(Stored records)
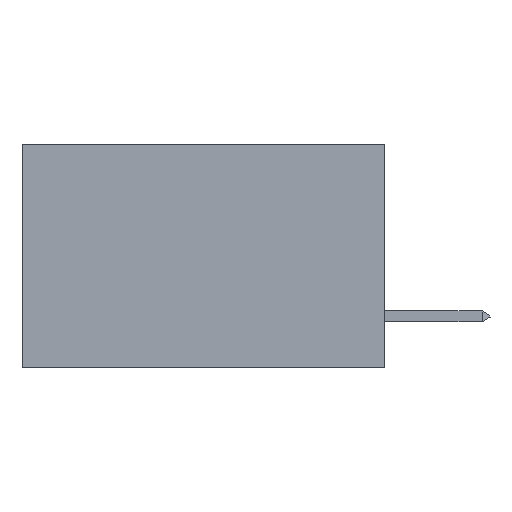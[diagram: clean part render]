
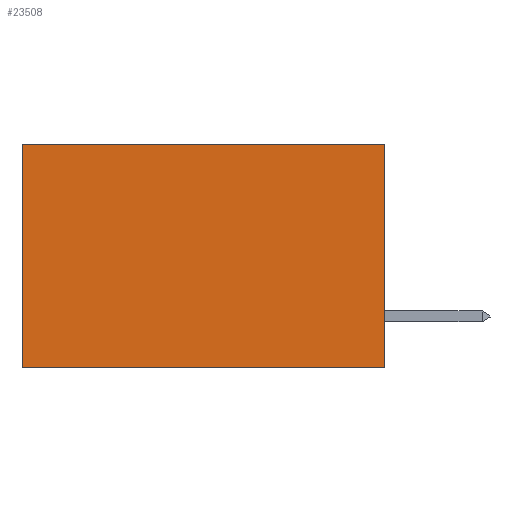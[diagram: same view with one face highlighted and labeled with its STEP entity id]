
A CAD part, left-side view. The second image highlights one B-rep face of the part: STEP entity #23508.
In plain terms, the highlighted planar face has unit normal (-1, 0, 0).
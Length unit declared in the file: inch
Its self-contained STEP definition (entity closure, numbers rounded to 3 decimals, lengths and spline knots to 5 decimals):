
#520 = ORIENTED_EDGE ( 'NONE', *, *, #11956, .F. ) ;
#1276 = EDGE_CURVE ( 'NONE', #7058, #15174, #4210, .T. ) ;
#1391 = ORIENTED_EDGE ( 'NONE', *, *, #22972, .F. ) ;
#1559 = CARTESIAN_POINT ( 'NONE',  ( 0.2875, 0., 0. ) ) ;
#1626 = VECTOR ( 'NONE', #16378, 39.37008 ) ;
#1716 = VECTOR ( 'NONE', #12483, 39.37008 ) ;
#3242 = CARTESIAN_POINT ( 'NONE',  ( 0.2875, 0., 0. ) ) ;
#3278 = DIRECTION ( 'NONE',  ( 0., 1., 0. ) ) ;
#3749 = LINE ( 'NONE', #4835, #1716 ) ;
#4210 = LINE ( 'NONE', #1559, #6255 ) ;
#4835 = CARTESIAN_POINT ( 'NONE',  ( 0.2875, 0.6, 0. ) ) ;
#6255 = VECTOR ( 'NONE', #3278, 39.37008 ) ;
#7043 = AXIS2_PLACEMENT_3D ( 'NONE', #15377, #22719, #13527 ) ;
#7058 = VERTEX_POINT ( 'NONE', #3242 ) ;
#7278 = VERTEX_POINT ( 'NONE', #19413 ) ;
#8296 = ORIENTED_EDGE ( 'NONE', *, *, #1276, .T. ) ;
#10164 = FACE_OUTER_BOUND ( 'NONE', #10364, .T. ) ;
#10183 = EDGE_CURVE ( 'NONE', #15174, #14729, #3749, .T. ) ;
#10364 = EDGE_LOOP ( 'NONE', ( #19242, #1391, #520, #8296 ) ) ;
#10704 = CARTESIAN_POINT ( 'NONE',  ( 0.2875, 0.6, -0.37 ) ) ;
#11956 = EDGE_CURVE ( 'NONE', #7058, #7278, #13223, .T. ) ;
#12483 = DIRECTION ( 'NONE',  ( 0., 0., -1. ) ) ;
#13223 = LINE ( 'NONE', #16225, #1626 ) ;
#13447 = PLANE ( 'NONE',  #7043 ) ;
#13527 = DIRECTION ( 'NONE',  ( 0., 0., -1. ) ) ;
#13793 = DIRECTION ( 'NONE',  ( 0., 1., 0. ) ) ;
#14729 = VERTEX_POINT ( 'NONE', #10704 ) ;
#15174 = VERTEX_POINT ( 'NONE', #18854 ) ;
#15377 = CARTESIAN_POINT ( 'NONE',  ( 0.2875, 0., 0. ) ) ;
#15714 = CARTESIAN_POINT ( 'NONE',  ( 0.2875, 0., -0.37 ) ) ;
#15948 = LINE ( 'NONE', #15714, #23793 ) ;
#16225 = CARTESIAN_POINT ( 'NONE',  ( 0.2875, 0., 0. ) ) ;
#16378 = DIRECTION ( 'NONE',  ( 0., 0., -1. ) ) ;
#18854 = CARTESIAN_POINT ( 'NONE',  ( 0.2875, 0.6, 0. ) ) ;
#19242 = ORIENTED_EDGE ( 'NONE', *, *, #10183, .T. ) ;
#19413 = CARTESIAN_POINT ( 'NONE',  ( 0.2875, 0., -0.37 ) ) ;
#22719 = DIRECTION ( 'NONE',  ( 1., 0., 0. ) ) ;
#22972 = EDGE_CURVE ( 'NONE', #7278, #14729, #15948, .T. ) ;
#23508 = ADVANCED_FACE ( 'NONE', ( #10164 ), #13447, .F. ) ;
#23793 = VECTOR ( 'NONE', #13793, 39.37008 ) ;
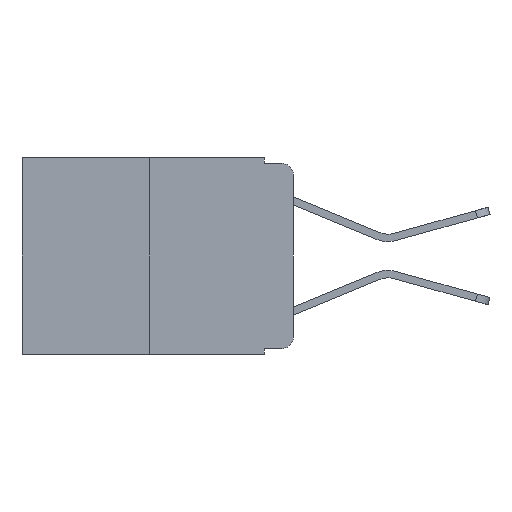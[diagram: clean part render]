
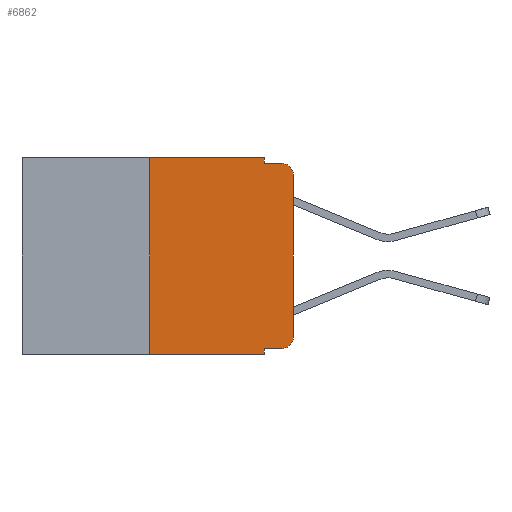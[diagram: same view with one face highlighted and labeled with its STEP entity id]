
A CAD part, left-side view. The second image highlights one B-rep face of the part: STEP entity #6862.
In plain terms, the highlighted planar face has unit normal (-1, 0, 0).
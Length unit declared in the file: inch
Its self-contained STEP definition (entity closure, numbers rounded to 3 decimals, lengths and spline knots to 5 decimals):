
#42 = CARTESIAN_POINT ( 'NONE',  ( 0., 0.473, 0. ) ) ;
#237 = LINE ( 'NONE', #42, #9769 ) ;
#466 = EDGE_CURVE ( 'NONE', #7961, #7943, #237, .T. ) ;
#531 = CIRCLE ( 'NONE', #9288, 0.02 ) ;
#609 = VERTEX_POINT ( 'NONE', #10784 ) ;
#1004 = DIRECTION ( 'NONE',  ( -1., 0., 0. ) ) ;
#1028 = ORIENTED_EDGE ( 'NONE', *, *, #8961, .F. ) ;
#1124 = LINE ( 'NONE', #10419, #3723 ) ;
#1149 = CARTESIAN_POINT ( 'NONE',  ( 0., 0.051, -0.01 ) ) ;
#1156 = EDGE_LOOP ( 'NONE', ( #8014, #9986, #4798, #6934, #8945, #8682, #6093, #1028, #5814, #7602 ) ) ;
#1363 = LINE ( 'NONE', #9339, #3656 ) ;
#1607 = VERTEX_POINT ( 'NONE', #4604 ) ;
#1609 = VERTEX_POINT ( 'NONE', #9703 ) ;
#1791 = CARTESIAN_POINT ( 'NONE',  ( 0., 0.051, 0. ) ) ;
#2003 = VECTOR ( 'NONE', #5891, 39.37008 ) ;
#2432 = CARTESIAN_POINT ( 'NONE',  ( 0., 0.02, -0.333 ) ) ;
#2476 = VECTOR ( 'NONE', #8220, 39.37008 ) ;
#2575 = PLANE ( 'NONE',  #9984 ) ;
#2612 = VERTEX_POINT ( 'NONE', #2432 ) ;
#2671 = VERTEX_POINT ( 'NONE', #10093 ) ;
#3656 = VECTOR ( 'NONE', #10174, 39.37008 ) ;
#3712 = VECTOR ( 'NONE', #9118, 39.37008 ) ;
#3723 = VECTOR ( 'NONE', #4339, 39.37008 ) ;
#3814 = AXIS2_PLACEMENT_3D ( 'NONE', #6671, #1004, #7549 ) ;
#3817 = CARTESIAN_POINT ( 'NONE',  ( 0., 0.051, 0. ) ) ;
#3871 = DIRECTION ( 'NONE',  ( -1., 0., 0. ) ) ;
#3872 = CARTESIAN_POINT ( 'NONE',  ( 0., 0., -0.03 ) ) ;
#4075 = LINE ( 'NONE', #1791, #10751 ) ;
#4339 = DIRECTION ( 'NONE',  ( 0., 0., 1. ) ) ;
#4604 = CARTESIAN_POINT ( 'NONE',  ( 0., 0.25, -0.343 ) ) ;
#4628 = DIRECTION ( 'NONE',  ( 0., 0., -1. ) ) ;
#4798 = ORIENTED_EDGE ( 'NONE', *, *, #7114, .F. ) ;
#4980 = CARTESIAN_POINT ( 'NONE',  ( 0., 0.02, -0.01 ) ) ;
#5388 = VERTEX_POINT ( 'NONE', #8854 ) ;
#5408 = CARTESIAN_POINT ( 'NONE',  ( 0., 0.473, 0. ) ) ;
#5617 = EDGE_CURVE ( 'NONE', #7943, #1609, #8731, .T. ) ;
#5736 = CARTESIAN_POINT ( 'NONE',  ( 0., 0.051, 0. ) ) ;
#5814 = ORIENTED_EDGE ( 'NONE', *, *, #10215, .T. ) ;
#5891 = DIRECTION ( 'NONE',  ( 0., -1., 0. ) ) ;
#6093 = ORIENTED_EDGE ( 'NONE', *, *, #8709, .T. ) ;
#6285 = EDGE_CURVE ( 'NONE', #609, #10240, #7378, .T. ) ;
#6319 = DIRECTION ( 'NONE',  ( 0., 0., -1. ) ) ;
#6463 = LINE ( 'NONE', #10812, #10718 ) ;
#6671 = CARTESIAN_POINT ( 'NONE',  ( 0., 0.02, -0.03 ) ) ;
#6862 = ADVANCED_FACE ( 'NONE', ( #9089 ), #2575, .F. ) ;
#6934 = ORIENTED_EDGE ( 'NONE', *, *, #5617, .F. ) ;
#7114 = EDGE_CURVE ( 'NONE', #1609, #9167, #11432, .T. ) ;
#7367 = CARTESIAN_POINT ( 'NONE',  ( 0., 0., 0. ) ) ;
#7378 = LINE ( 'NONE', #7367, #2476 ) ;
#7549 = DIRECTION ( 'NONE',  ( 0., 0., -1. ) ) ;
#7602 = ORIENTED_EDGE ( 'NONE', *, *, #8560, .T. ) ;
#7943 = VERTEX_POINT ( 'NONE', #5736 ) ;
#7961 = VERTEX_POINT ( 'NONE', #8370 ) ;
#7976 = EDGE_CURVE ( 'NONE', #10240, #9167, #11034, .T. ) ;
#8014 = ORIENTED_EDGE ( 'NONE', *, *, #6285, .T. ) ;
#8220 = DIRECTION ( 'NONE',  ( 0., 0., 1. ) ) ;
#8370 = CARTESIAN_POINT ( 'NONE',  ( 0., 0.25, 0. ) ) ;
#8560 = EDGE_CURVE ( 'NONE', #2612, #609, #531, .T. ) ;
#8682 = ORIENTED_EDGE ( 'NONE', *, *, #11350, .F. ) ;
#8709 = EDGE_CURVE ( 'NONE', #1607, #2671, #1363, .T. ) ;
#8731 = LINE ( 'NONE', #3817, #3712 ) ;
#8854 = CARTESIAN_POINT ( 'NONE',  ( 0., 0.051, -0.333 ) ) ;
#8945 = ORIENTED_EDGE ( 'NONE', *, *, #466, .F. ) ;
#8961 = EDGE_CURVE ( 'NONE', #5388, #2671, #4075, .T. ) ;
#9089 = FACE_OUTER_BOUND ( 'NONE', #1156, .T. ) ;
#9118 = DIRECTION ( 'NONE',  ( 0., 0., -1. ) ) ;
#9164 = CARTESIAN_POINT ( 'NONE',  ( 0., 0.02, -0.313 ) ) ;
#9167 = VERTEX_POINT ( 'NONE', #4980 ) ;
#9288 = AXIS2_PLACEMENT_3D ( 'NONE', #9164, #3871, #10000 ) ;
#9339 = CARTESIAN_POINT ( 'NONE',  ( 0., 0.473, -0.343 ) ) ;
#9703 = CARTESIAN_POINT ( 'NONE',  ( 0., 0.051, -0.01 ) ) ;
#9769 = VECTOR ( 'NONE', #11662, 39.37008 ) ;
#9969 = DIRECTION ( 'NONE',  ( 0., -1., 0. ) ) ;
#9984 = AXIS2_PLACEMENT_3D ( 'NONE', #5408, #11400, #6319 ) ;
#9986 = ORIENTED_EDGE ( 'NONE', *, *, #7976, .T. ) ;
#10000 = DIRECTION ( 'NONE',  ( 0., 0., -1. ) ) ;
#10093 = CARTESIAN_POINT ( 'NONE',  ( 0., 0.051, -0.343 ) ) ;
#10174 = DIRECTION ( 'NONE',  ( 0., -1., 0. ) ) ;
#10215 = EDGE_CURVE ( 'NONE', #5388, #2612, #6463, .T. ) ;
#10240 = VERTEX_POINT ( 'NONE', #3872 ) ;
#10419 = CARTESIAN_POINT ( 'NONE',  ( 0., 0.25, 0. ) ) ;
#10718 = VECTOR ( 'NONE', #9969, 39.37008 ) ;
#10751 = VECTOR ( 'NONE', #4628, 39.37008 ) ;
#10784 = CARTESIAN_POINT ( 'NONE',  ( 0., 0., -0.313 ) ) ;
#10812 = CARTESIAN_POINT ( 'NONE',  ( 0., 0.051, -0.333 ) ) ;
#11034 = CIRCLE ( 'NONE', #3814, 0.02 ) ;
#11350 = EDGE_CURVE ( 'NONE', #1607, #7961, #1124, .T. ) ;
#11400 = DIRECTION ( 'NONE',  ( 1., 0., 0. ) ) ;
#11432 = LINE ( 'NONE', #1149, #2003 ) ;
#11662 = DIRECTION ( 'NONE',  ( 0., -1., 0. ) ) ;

Task statement: Above are records; repeat only the lines starting at the line with "#8731 = LINE ( 'NONE', #3817, #3712 ) ;" and ending at the line with "#9164 = CARTESIAN_POINT", exactly as they appear, both included.

Answer to this exercise:
#8731 = LINE ( 'NONE', #3817, #3712 ) ;
#8854 = CARTESIAN_POINT ( 'NONE',  ( 0., 0.051, -0.333 ) ) ;
#8945 = ORIENTED_EDGE ( 'NONE', *, *, #466, .F. ) ;
#8961 = EDGE_CURVE ( 'NONE', #5388, #2671, #4075, .T. ) ;
#9089 = FACE_OUTER_BOUND ( 'NONE', #1156, .T. ) ;
#9118 = DIRECTION ( 'NONE',  ( 0., 0., -1. ) ) ;
#9164 = CARTESIAN_POINT ( 'NONE',  ( 0., 0.02, -0.313 ) ) ;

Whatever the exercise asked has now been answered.